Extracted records
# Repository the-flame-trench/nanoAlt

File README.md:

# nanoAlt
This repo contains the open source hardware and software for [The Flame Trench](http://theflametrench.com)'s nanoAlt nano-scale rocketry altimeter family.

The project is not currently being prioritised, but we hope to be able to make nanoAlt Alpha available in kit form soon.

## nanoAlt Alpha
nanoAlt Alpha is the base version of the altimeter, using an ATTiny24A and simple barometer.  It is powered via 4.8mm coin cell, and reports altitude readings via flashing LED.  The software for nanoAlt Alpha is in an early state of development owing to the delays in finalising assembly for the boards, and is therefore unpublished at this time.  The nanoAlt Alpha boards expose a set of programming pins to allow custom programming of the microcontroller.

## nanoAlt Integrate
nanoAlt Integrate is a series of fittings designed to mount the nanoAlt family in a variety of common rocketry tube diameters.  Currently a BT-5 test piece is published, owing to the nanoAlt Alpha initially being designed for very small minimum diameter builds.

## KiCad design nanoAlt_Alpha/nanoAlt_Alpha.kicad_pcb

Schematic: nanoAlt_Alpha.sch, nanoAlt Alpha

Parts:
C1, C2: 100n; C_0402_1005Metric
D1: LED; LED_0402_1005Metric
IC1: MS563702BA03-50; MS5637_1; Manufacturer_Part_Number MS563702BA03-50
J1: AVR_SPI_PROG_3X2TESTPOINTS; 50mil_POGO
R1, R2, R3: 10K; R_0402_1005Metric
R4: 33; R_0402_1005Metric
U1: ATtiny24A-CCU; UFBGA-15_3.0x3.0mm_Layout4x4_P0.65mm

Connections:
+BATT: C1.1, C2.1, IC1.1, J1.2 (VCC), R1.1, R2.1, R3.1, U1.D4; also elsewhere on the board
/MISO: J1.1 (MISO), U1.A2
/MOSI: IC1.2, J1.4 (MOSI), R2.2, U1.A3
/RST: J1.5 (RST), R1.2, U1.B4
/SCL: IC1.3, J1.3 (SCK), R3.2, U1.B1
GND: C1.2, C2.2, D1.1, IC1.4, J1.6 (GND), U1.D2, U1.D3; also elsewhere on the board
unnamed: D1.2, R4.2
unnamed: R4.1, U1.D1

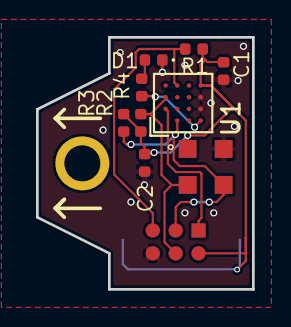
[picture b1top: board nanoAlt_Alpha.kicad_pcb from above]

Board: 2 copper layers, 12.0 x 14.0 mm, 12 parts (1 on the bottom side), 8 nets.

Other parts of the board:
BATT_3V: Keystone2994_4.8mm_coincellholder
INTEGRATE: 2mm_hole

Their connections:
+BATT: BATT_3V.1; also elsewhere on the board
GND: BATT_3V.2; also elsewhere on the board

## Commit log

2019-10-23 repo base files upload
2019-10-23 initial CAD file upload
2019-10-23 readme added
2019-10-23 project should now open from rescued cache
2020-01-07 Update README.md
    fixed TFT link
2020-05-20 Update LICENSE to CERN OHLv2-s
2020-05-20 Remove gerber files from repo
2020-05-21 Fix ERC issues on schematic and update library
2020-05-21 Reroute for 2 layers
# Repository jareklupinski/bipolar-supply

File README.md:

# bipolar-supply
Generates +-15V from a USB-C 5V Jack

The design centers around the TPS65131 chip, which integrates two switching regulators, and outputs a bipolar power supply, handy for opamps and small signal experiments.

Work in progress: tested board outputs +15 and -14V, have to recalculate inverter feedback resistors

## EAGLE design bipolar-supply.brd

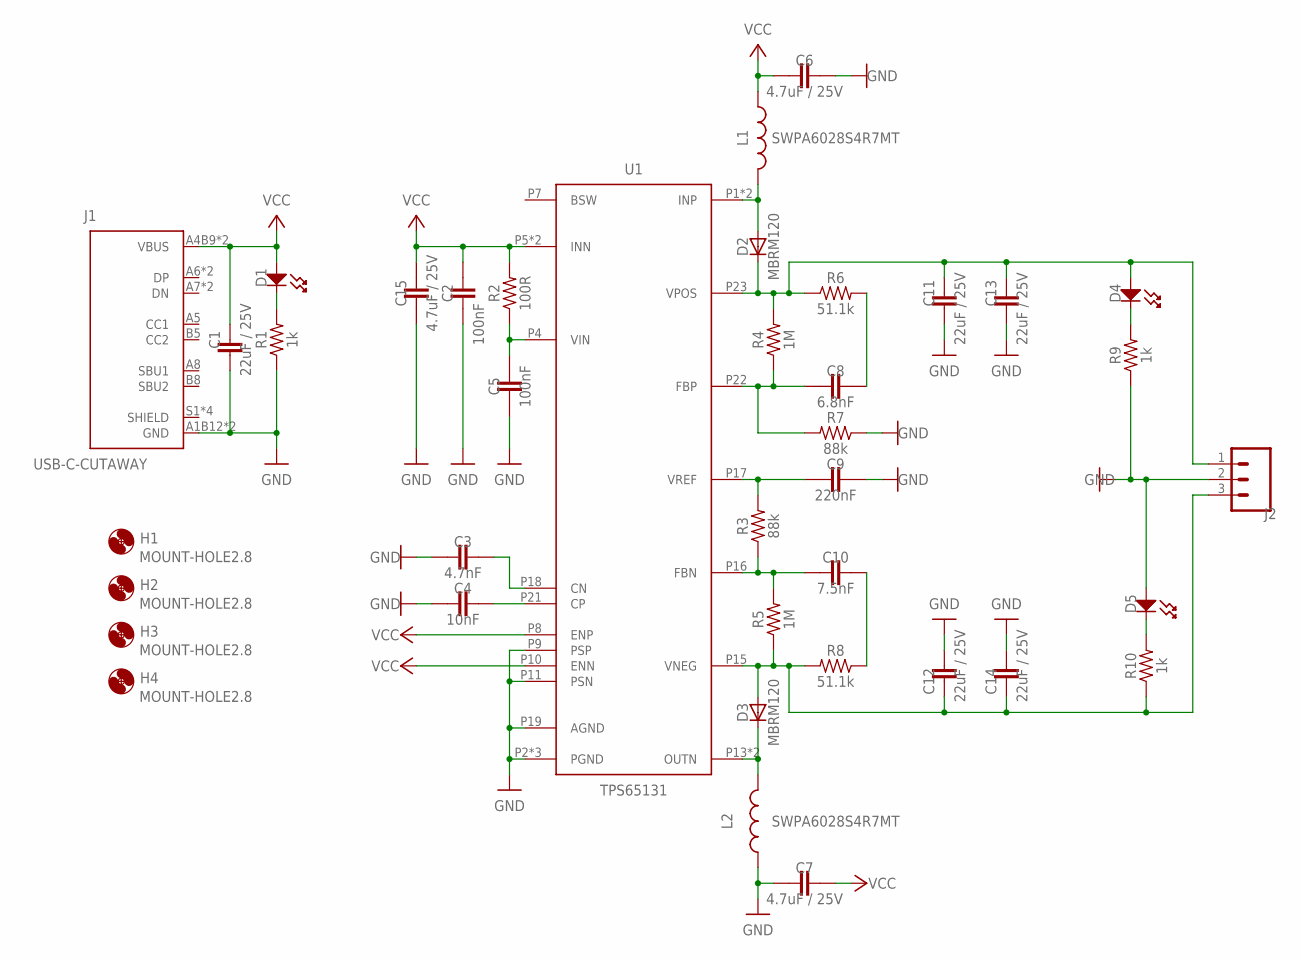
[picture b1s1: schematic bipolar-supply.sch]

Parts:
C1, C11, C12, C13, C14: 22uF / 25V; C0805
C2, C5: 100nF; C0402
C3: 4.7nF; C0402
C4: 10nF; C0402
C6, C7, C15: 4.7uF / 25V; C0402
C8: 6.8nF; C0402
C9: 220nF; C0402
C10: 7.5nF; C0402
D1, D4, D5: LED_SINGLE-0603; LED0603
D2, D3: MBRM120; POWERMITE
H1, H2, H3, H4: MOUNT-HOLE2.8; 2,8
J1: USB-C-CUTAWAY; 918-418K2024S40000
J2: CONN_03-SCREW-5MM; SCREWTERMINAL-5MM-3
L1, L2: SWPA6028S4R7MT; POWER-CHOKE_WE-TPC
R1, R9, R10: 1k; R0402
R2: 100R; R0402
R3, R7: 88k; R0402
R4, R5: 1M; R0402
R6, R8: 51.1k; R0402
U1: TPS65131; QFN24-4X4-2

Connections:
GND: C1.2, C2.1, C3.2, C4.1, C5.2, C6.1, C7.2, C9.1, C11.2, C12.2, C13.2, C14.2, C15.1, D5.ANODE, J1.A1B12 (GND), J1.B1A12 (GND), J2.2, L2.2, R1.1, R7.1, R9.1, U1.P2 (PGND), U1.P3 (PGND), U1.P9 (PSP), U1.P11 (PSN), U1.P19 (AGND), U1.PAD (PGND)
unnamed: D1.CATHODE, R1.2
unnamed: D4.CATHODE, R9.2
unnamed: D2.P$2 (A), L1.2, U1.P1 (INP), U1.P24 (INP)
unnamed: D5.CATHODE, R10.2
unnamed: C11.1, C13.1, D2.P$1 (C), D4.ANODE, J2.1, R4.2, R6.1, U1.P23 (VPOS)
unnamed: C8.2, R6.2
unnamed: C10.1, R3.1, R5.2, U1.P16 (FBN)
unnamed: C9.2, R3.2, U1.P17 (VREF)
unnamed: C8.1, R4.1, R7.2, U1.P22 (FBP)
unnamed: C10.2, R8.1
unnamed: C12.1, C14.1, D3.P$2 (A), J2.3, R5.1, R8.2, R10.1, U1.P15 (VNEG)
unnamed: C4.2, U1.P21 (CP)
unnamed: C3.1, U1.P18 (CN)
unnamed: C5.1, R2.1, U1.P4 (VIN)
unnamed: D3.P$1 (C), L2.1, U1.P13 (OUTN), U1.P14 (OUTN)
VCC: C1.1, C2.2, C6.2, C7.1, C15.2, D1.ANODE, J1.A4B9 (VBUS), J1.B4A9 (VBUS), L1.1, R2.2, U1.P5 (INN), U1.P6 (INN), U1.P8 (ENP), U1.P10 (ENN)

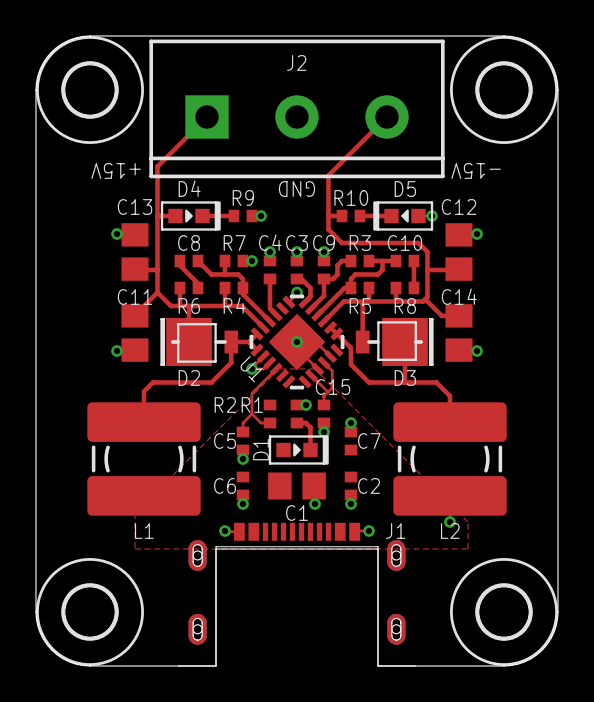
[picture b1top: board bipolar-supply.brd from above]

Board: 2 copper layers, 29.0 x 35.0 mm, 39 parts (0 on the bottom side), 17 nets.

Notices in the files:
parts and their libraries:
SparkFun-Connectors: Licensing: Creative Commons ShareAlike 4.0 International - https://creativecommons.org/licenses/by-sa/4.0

Your goal
With images omitted, output the data exactly as given.

Problem solution
# Repository the-flame-trench/nanoAlt

File README.md:

# nanoAlt
This repo contains the open source hardware and software for [The Flame Trench](http://theflametrench.com)'s nanoAlt nano-scale rocketry altimeter family.

The project is not currently being prioritised, but we hope to be able to make nanoAlt Alpha available in kit form soon.

## nanoAlt Alpha
nanoAlt Alpha is the base version of the altimeter, using an ATTiny24A and simple barometer.  It is powered via 4.8mm coin cell, and reports altitude readings via flashing LED.  The software for nanoAlt Alpha is in an early state of development owing to the delays in finalising assembly for the boards, and is therefore unpublished at this time.  The nanoAlt Alpha boards expose a set of programming pins to allow custom programming of the microcontroller.

## nanoAlt Integrate
nanoAlt Integrate is a series of fittings designed to mount the nanoAlt family in a variety of common rocketry tube diameters.  Currently a BT-5 test piece is published, owing to the nanoAlt Alpha initially being designed for very small minimum diameter builds.

## KiCad design nanoAlt_Alpha/nanoAlt_Alpha.kicad_pcb

Schematic: nanoAlt_Alpha.sch, nanoAlt Alpha

Parts:
C1, C2: 100n; C_0402_1005Metric
D1: LED; LED_0402_1005Metric
IC1: MS563702BA03-50; MS5637_1; Manufacturer_Part_Number MS563702BA03-50
J1: AVR_SPI_PROG_3X2TESTPOINTS; 50mil_POGO
R1, R2, R3: 10K; R_0402_1005Metric
R4: 33; R_0402_1005Metric
U1: ATtiny24A-CCU; UFBGA-15_3.0x3.0mm_Layout4x4_P0.65mm

Connections:
+BATT: C1.1, C2.1, IC1.1, J1.2 (VCC), R1.1, R2.1, R3.1, U1.D4; also elsewhere on the board
/MISO: J1.1 (MISO), U1.A2
/MOSI: IC1.2, J1.4 (MOSI), R2.2, U1.A3
/RST: J1.5 (RST), R1.2, U1.B4
/SCL: IC1.3, J1.3 (SCK), R3.2, U1.B1
GND: C1.2, C2.2, D1.1, IC1.4, J1.6 (GND), U1.D2, U1.D3; also elsewhere on the board
unnamed: D1.2, R4.2
unnamed: R4.1, U1.D1

[picture b1top: board nanoAlt_Alpha.kicad_pcb from above]

Board: 2 copper layers, 12.0 x 14.0 mm, 12 parts (1 on the bottom side), 8 nets.

Other parts of the board:
BATT_3V: Keystone2994_4.8mm_coincellholder
INTEGRATE: 2mm_hole

Their connections:
+BATT: BATT_3V.1; also elsewhere on the board
GND: BATT_3V.2; also elsewhere on the board

## Commit log

2019-10-23 repo base files upload
2019-10-23 initial CAD file upload
2019-10-23 readme added
2019-10-23 project should now open from rescued cache
2020-01-07 Update README.md
    fixed TFT link
2020-05-20 Update LICENSE to CERN OHLv2-s
2020-05-20 Remove gerber files from repo
2020-05-21 Fix ERC issues on schematic and update library
2020-05-21 Reroute for 2 layers
# Repository jareklupinski/bipolar-supply

File README.md:

# bipolar-supply
Generates +-15V from a USB-C 5V Jack

The design centers around the TPS65131 chip, which integrates two switching regulators, and outputs a bipolar power supply, handy for opamps and small signal experiments.

Work in progress: tested board outputs +15 and -14V, have to recalculate inverter feedback resistors

## EAGLE design bipolar-supply.brd

[picture b1s1: schematic bipolar-supply.sch]

Parts:
C1, C11, C12, C13, C14: 22uF / 25V; C0805
C2, C5: 100nF; C0402
C3: 4.7nF; C0402
C4: 10nF; C0402
C6, C7, C15: 4.7uF / 25V; C0402
C8: 6.8nF; C0402
C9: 220nF; C0402
C10: 7.5nF; C0402
D1, D4, D5: LED_SINGLE-0603; LED0603
D2, D3: MBRM120; POWERMITE
H1, H2, H3, H4: MOUNT-HOLE2.8; 2,8
J1: USB-C-CUTAWAY; 918-418K2024S40000
J2: CONN_03-SCREW-5MM; SCREWTERMINAL-5MM-3
L1, L2: SWPA6028S4R7MT; POWER-CHOKE_WE-TPC
R1, R9, R10: 1k; R0402
R2: 100R; R0402
R3, R7: 88k; R0402
R4, R5: 1M; R0402
R6, R8: 51.1k; R0402
U1: TPS65131; QFN24-4X4-2

Connections:
GND: C1.2, C2.1, C3.2, C4.1, C5.2, C6.1, C7.2, C9.1, C11.2, C12.2, C13.2, C14.2, C15.1, D5.ANODE, J1.A1B12 (GND), J1.B1A12 (GND), J2.2, L2.2, R1.1, R7.1, R9.1, U1.P2 (PGND), U1.P3 (PGND), U1.P9 (PSP), U1.P11 (PSN), U1.P19 (AGND), U1.PAD (PGND)
unnamed: D1.CATHODE, R1.2
unnamed: D4.CATHODE, R9.2
unnamed: D2.P$2 (A), L1.2, U1.P1 (INP), U1.P24 (INP)
unnamed: D5.CATHODE, R10.2
unnamed: C11.1, C13.1, D2.P$1 (C), D4.ANODE, J2.1, R4.2, R6.1, U1.P23 (VPOS)
unnamed: C8.2, R6.2
unnamed: C10.1, R3.1, R5.2, U1.P16 (FBN)
unnamed: C9.2, R3.2, U1.P17 (VREF)
unnamed: C8.1, R4.1, R7.2, U1.P22 (FBP)
unnamed: C10.2, R8.1
unnamed: C12.1, C14.1, D3.P$2 (A), J2.3, R5.1, R8.2, R10.1, U1.P15 (VNEG)
unnamed: C4.2, U1.P21 (CP)
unnamed: C3.1, U1.P18 (CN)
unnamed: C5.1, R2.1, U1.P4 (VIN)
unnamed: D3.P$1 (C), L2.1, U1.P13 (OUTN), U1.P14 (OUTN)
VCC: C1.1, C2.2, C6.2, C7.1, C15.2, D1.ANODE, J1.A4B9 (VBUS), J1.B4A9 (VBUS), L1.1, R2.2, U1.P5 (INN), U1.P6 (INN), U1.P8 (ENP), U1.P10 (ENN)

[picture b1top: board bipolar-supply.brd from above]

Board: 2 copper layers, 29.0 x 35.0 mm, 39 parts (0 on the bottom side), 17 nets.

Notices in the files:
parts and their libraries:
SparkFun-Connectors: Licensing: Creative Commons ShareAlike 4.0 International - https://creativecommons.org/licenses/by-sa/4.0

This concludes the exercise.